Your answer should be the lines below from the one holding "msp.add_lwpolyline(points, close=True, dxfattribs=at)" through the one holding "msp.add_line(p, q, dxfattribs=at)", copied exactly and with nothing else.

Data entries:
########

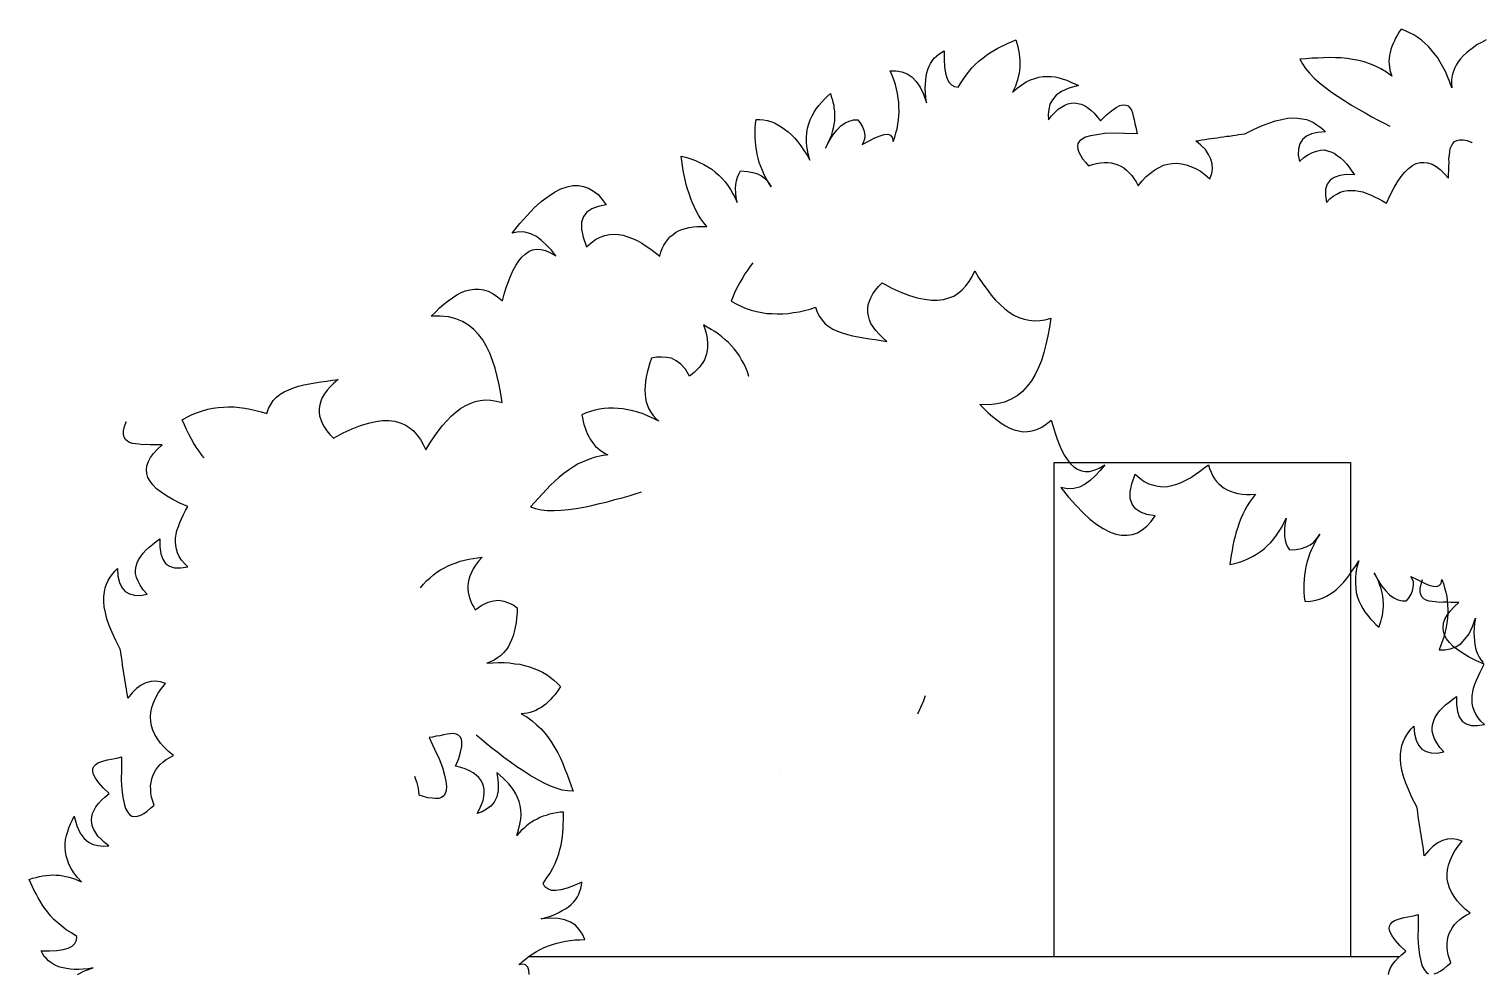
# Model space of a CAD drawing. Extents: x -24232 to 27340, y -23039 to 23489.
# Drawn here: x -10953 to -10217, y -4855 to -4377 of the extents above; entities that cross this region are included whole.
import ezdxf

# ---------------------------------------------------------------- set-up
doc = ezdxf.new("R2010")
doc.units = 0
doc.header["$LTSCALE"] = 10
for name, color, linetype in [('0-PLANTS', 11, 'CONTINUOUS'), ('1', 1, 'CONTINUOUS'), ('3', 3, 'CONTINUOUS')]:
    doc.layers.add(name, color=color, linetype=linetype)

msp = doc.modelspace()

# ---------------------------------------------------------------- linework, layer by layer
at = {"layer": '0-PLANTS', "color": 11}
msp.add_lwpolyline([(-10503.1, -4723.56), (-10500.12, -4716.77), (-10499.19, -4714.25)], dxfattribs=at)
for points in [[(-10503.85, -4725.29), (-10503.85, -4725.29)], [(-10572.65, -4752.9), (-10572.65, -4752.9)]]:
    msp.add_lwpolyline(points, close=True, dxfattribs=at)
at = {"layer": '1'}
for p, q in [((-10434.24, -4596.46), (-10284.24, -4596.46)), ((-10434.24, -4846.46), (-10434.24, -4596.46)), ((-10284.24, -4596.46), (-10284.24, -4846.46))]:
    msp.add_line(p, q, dxfattribs=at)
for points in [[(-10215.73, -4382.83), (-10218.02, -4384.1), (-10220.16, -4385.24), (-10222.06, -4386.68), (-10223.95, -4387.98), (-10225.57, -4389.31), (-10227.21, -4390.77), (-10228.59, -4392.4), (-10229.82, -4393.9), (-10230.8, -4395.56), (-10231.64, -4397.24), (-10232.36, -4399.07), (-10232.81, -4400.92), (-10233.15, -4402.92), (-10233.21, -4404.94), (-10233.01, -4406.99), (-10233.01, -4406.99), (-10234.08, -4404.18), (-10235.16, -4401.36), (-10236.26, -4398.82), (-10237.51, -4396.39), (-10238.91, -4394.09), (-10240.19, -4391.93), (-10241.74, -4389.88), (-10243.32, -4387.96), (-10244.9, -4386.18), (-10246.63, -4384.52), (-10248.38, -4382.99), (-10250.27, -4381.59), (-10252.31, -4380.3), (-10254.38, -4379.29), (-10256.44, -4378.27), (-10258.66, -4377.38), (-10258.66, -4377.38), (-10259.61, -4378.77), (-10260.57, -4380.3), (-10261.39, -4381.71), (-10262.08, -4383.27), (-10262.76, -4384.69), (-10263.31, -4386.12), (-10263.87, -4387.69), (-10264.29, -4389.14), (-10264.57, -4390.6), (-10264.71, -4392.08), (-10264.87, -4393.69), (-10264.75, -4395.19), (-10264.63, -4396.69), (-10264.36, -4398.07), (-10263.97, -4399.6), (-10263.44, -4401.14), (-10263.44, -4401.14), (-10266.09, -4399.12), (-10268.9, -4397.49), (-10271.61, -4396.14), (-10274.47, -4394.91), (-10277.36, -4393.95), (-10280.13, -4393.26), (-10283.06, -4392.7), (-10285.99, -4392.28), (-10288.94, -4391.99), (-10291.91, -4391.83), (-10294.88, -4391.81), (-10297.87, -4391.92), (-10300.86, -4392.03), (-10303.85, -4392.14), (-10306.86, -4392.39), (-10309.85, -4392.5), (-10309.85, -4392.5), (-10308.6, -4394.92), (-10307.08, -4397.37), (-10305.01, -4399.74), (-10302.55, -4402.29), (-10299.94, -4404.58), (-10296.92, -4406.91), (-10293.9, -4409.24), (-10290.6, -4411.46), (-10287.16, -4413.7), (-10283.71, -4415.8), (-10280.26, -4417.9), (-10276.79, -4419.73), (-10273.46, -4421.68), (-10270.24, -4423.36), (-10267.27, -4424.87), (-10264.44, -4426.37)], [(-10864.11, -4594.13), (-10865.25, -4592.73), (-10866.67, -4590.71), (-10868.09, -4588.68), (-10869.39, -4586.51), (-10870.68, -4584.33), (-10871.85, -4582.15), (-10873.02, -4579.83), (-10874.08, -4577.36), (-10875.14, -4574.89), (-10875.14, -4574.89), (-10872.57, -4573.42), (-10870.12, -4572.23), (-10867.52, -4571.16), (-10864.89, -4570.36), (-10862.26, -4569.55), (-10859.6, -4569.02), (-10857.07, -4568.63), (-10854.37, -4568.5), (-10851.68, -4568.37), (-10848.97, -4568.38), (-10846.23, -4568.65), (-10843.48, -4569.05), (-10840.74, -4569.46), (-10837.96, -4570.13), (-10835.19, -4570.81), (-10832.38, -4571.75), (-10832.38, -4571.75), (-10831.55, -4569.23), (-10830.41, -4567.08), (-10829.1, -4565.2), (-10827.52, -4563.41), (-10825.63, -4562.01), (-10823.59, -4560.72), (-10821.25, -4559.68), (-10818.91, -4558.77), (-10816.28, -4557.97), (-10813.63, -4557.3), (-10810.84, -4556.76), (-10808.05, -4556.21), (-10805.12, -4555.78), (-10802.18, -4555.36), (-10799.24, -4554.93), (-10796.31, -4554.51), (-10796.31, -4554.51), (-10798.43, -4556.34), (-10800.28, -4558.15), (-10801.86, -4559.93), (-10803.17, -4561.82), (-10804.35, -4563.56), (-10805.12, -4565.4), (-10805.6, -4567.34), (-10805.96, -4569.14), (-10805.91, -4571.03), (-10805.73, -4572.91), (-10805.14, -4574.75), (-10804.42, -4576.57), (-10803.42, -4578.5), (-10802.01, -4580.39), (-10800.47, -4582.27), (-10798.66, -4584.13), (-10798.66, -4584.13), (-10793.78, -4581.48), (-10789.24, -4579.4), (-10784.94, -4577.76), (-10780.99, -4576.56), (-10777.28, -4575.78), (-10773.8, -4575.31), (-10770.69, -4575.27), (-10767.68, -4575.65), (-10765.02, -4576.47), (-10762.49, -4577.44), (-10760.32, -4578.85), (-10758.25, -4580.54), (-10756.43, -4582.53), (-10754.72, -4584.8), (-10753.25, -4587.36), (-10751.9, -4590.07), (-10751.9, -4590.07), (-10749.92, -4586.76), (-10747.8, -4583.57), (-10745.65, -4580.65), (-10743.49, -4577.86), (-10741.3, -4575.35), (-10739.08, -4573.1), (-10736.72, -4570.97), (-10734.45, -4569.25), (-10732.02, -4567.79), (-10729.57, -4566.6), (-10726.95, -4565.67), (-10724.43, -4565.15), (-10721.75, -4564.88), (-10719.03, -4565.02), (-10716.28, -4565.43), (-10713.36, -4566.22), (-10713.36, -4566.22), (-10714.07, -4561.69), (-10714.91, -4557.3), (-10715.89, -4552.93), (-10716.97, -4548.84), (-10718.17, -4544.89), (-10719.61, -4541.25), (-10721.31, -4537.76), (-10723.12, -4534.55), (-10725.29, -4531.78), (-10727.71, -4529.18), (-10730.37, -4527), (-10733.38, -4525.27), (-10736.77, -4523.85), (-10740.52, -4522.86), (-10744.63, -4522.46), (-10749.23, -4522.5), (-10749.23, -4522.5), (-10747.13, -4520.4), (-10745.04, -4518.3), (-10742.92, -4516.46), (-10740.65, -4514.75), (-10738.5, -4513.18), (-10736.34, -4511.75), (-10734.15, -4510.59), (-10731.94, -4509.69), (-10729.69, -4509.2), (-10727.42, -4508.84), (-10725.11, -4508.88), (-10722.78, -4509.19), (-10720.41, -4509.91), (-10717.98, -4511.16), (-10715.66, -4512.69), (-10713.16, -4514.74), (-10713.16, -4514.74), (-10712.27, -4511.4), (-10711.25, -4508.05), (-10710.2, -4504.97), (-10709, -4502.01), (-10707.78, -4499.32), (-10706.39, -4496.88), (-10705, -4494.57), (-10703.42, -4492.66), (-10701.68, -4491.13), (-10699.91, -4489.87), (-10697.96, -4489), (-10695.96, -4488.67), (-10693.79, -4488.73), (-10691.43, -4489.3), (-10688.89, -4490.41), (-10686.15, -4492.03), (-10686.15, -4492.03), (-10688.47, -4489.15), (-10690.89, -4486.54), (-10693.42, -4484.22), (-10696.05, -4482.31), (-10698.9, -4480.83), (-10701.83, -4480.04), (-10704.95, -4479.94), (-10708.28, -4480.54), (-10708.28, -4480.54), (-10704.42, -4475.69), (-10700.64, -4471.53), (-10697.08, -4467.79), (-10693.6, -4464.6), (-10690.07, -4461.95), (-10686.89, -4459.88), (-10683.67, -4458.2), (-10680.53, -4457.08), (-10677.61, -4456.52), (-10674.77, -4456.51), (-10672.15, -4456.93), (-10669.63, -4457.77), (-10667.18, -4459.28), (-10664.83, -4461.08), (-10662.71, -4463.45), (-10660.67, -4466.22), (-10660.67, -4466.22), (-10664.79, -4467.04), (-10668.06, -4468.17), (-10670.6, -4469.91), (-10672.28, -4472.11), (-10673.21, -4475.05), (-10673.28, -4478.44), (-10672.46, -4482.56), (-10670.77, -4487.4), (-10670.77, -4487.4), (-10668.39, -4485.4), (-10666.12, -4483.69), (-10663.8, -4482.51), (-10661.44, -4481.74), (-10659.05, -4481.23), (-10656.77, -4481.01), (-10654.45, -4481.18), (-10652.11, -4481.63), (-10649.73, -4482.34), (-10647.48, -4483.2), (-10645.07, -4484.32), (-10642.78, -4485.58), (-10640.46, -4487.11), (-10638.14, -4488.65), (-10635.95, -4490.32), (-10633.6, -4492.12), (-10633.6, -4492.12), (-10633.12, -4490.18), (-10632.35, -4488.34), (-10631.57, -4486.64), (-10630.64, -4485.06), (-10629.55, -4483.73), (-10628.47, -4482.41), (-10627.08, -4481.32), (-10625.7, -4480.24), (-10624.16, -4479.41), (-10622.47, -4478.7), (-10620.63, -4478.11), (-10618.78, -4477.66), (-10616.65, -4477.31), (-10614.5, -4477.1), (-10612.33, -4477.16), (-10609.89, -4477.19), (-10609.89, -4477.19), (-10611.43, -4475.31), (-10612.85, -4473.28), (-10614.12, -4471.38), (-10615.28, -4469.19), (-10616.3, -4467.12), (-10617.33, -4464.92), (-10618.09, -4462.7), (-10618.85, -4460.47), (-10619.61, -4458.24), (-10620.24, -4456), (-10620.75, -4453.61), (-10621.26, -4451.23), (-10621.76, -4448.84), (-10622.13, -4446.44), (-10622.51, -4444.04), (-10622.88, -4441.64), (-10622.88, -4441.64), (-10620.39, -4442.2), (-10618.01, -4442.92), (-10615.63, -4443.76), (-10613.5, -4444.77), (-10611.37, -4445.78), (-10609.36, -4446.94), (-10607.33, -4448.23), (-10605.56, -4449.68), (-10603.78, -4451.26), (-10602.14, -4452.86), (-10600.61, -4454.6), (-10599.2, -4456.5), (-10597.92, -4458.54), (-10596.63, -4460.58), (-10595.47, -4462.76), (-10594.43, -4465.1), (-10594.43, -4465.1), (-10594.95, -4462.58), (-10595.17, -4460.3), (-10595.26, -4458), (-10595.19, -4455.97), (-10594.84, -4454.03), (-10594.34, -4452.23), (-10593.69, -4450.67), (-10592.76, -4449.09), (-10592.76, -4449.09), (-10589.35, -4449.29), (-10586.59, -4449.83), (-10584.22, -4450.55), (-10582.22, -4451.57), (-10580.61, -4452.76), (-10579.39, -4454.13), (-10578.31, -4455.52), (-10577.35, -4457.05), (-10577.35, -4457.05), (-10578.63, -4455.01), (-10579.78, -4452.95), (-10580.79, -4451.02), (-10581.67, -4448.94), (-10582.55, -4446.86), (-10583.3, -4444.77), (-10583.91, -4442.66), (-10584.39, -4440.54), (-10584.74, -4438.41), (-10585.09, -4436.28), (-10585.3, -4434.13), (-10585.38, -4431.97), (-10585.45, -4429.82), (-10585.4, -4427.64), (-10585.22, -4425.32), (-10584.9, -4423.12), (-10584.9, -4423.12), (-10583, -4423.07), (-10581.09, -4423.29), (-10579.29, -4423.65), (-10577.48, -4424.15), (-10575.66, -4424.79), (-10573.94, -4425.7), (-10572.21, -4426.75), (-10570.47, -4427.93), (-10568.72, -4429.25), (-10567.07, -4430.84), (-10565.41, -4432.58), (-10563.87, -4434.45), (-10562.32, -4436.47), (-10560.74, -4438.75), (-10559.16, -4441.03), (-10557.69, -4443.59), (-10557.69, -4443.59), (-10558.54, -4440.43), (-10559.1, -4437.5), (-10559.36, -4434.82), (-10559.35, -4432.25), (-10559.18, -4429.79), (-10558.87, -4427.46), (-10558.28, -4425.24), (-10557.53, -4423.27), (-10556.64, -4421.28), (-10555.6, -4419.42), (-10554.56, -4417.69), (-10553.23, -4416.07), (-10551.9, -4414.45), (-10550.42, -4412.95), (-10548.94, -4411.45), (-10547.33, -4409.94), (-10547.33, -4409.94), (-10546.92, -4411.38), (-10546.51, -4412.83), (-10546.09, -4414.28), (-10545.66, -4415.86), (-10545.52, -4417.34), (-10545.23, -4418.94), (-10545.2, -4420.56), (-10545.18, -4422.18), (-10545.28, -4423.82), (-10545.52, -4425.6), (-10545.88, -4427.4), (-10546.36, -4429.34), (-10546.98, -4431.3), (-10547.74, -4433.27), (-10548.75, -4435.4), (-10549.89, -4437.54), (-10549.89, -4437.54), (-10547.94, -4433.96), (-10546.07, -4430.94), (-10544.02, -4428.43), (-10542.06, -4426.34), (-10539.91, -4424.78), (-10537.83, -4423.89), (-10535.59, -4423.27), (-10533.42, -4423.32), (-10533.42, -4423.32), (-10532.16, -4425.09), (-10531.18, -4426.76), (-10530.47, -4428.45), (-10530.05, -4430.03), (-10529.9, -4431.51), (-10530.02, -4433.01), (-10530.56, -4434.41), (-10531.25, -4435.7), (-10531.25, -4435.7), (-10527.77, -4433.87), (-10524.81, -4432.36), (-10522.2, -4431.29), (-10520.1, -4430.67), (-10518.35, -4430.5), (-10516.95, -4431.04), (-10516.02, -4432.17), (-10515.56, -4434.15), (-10515.56, -4434.15), (-10514.82, -4432.05), (-10514.22, -4429.82), (-10513.62, -4427.73), (-10513.16, -4425.52), (-10512.97, -4423.33), (-10512.78, -4421.15), (-10512.59, -4418.96), (-10512.68, -4416.67), (-10512.76, -4414.51), (-10513.12, -4412.24), (-10513.47, -4409.98), (-10513.97, -4407.72), (-10514.46, -4405.47), (-10515.24, -4403.11), (-10516.13, -4400.9), (-10517.04, -4398.55), (-10517.04, -4398.55), (-10514.06, -4398.52), (-10511.17, -4399.05), (-10508.5, -4400.01), (-10506.04, -4401.66), (-10503.92, -4403.89), (-10501.88, -4406.66), (-10500.17, -4410.29), (-10498.66, -4414.61), (-10498.66, -4414.61), (-10499.05, -4412.07), (-10499.29, -4409.66), (-10499.38, -4407.37), (-10499.32, -4405.19), (-10499.12, -4403.14), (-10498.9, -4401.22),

########

#### Result of the task
    msp.add_lwpolyline(points, close=True, dxfattribs=at)
at = {"layer": '1'}
for p, q in [((-10434.24, -4596.46), (-10284.24, -4596.46)), ((-10434.24, -4846.46), (-10434.24, -4596.46)), ((-10284.24, -4596.46), (-10284.24, -4846.46))]:
    msp.add_line(p, q, dxfattribs=at)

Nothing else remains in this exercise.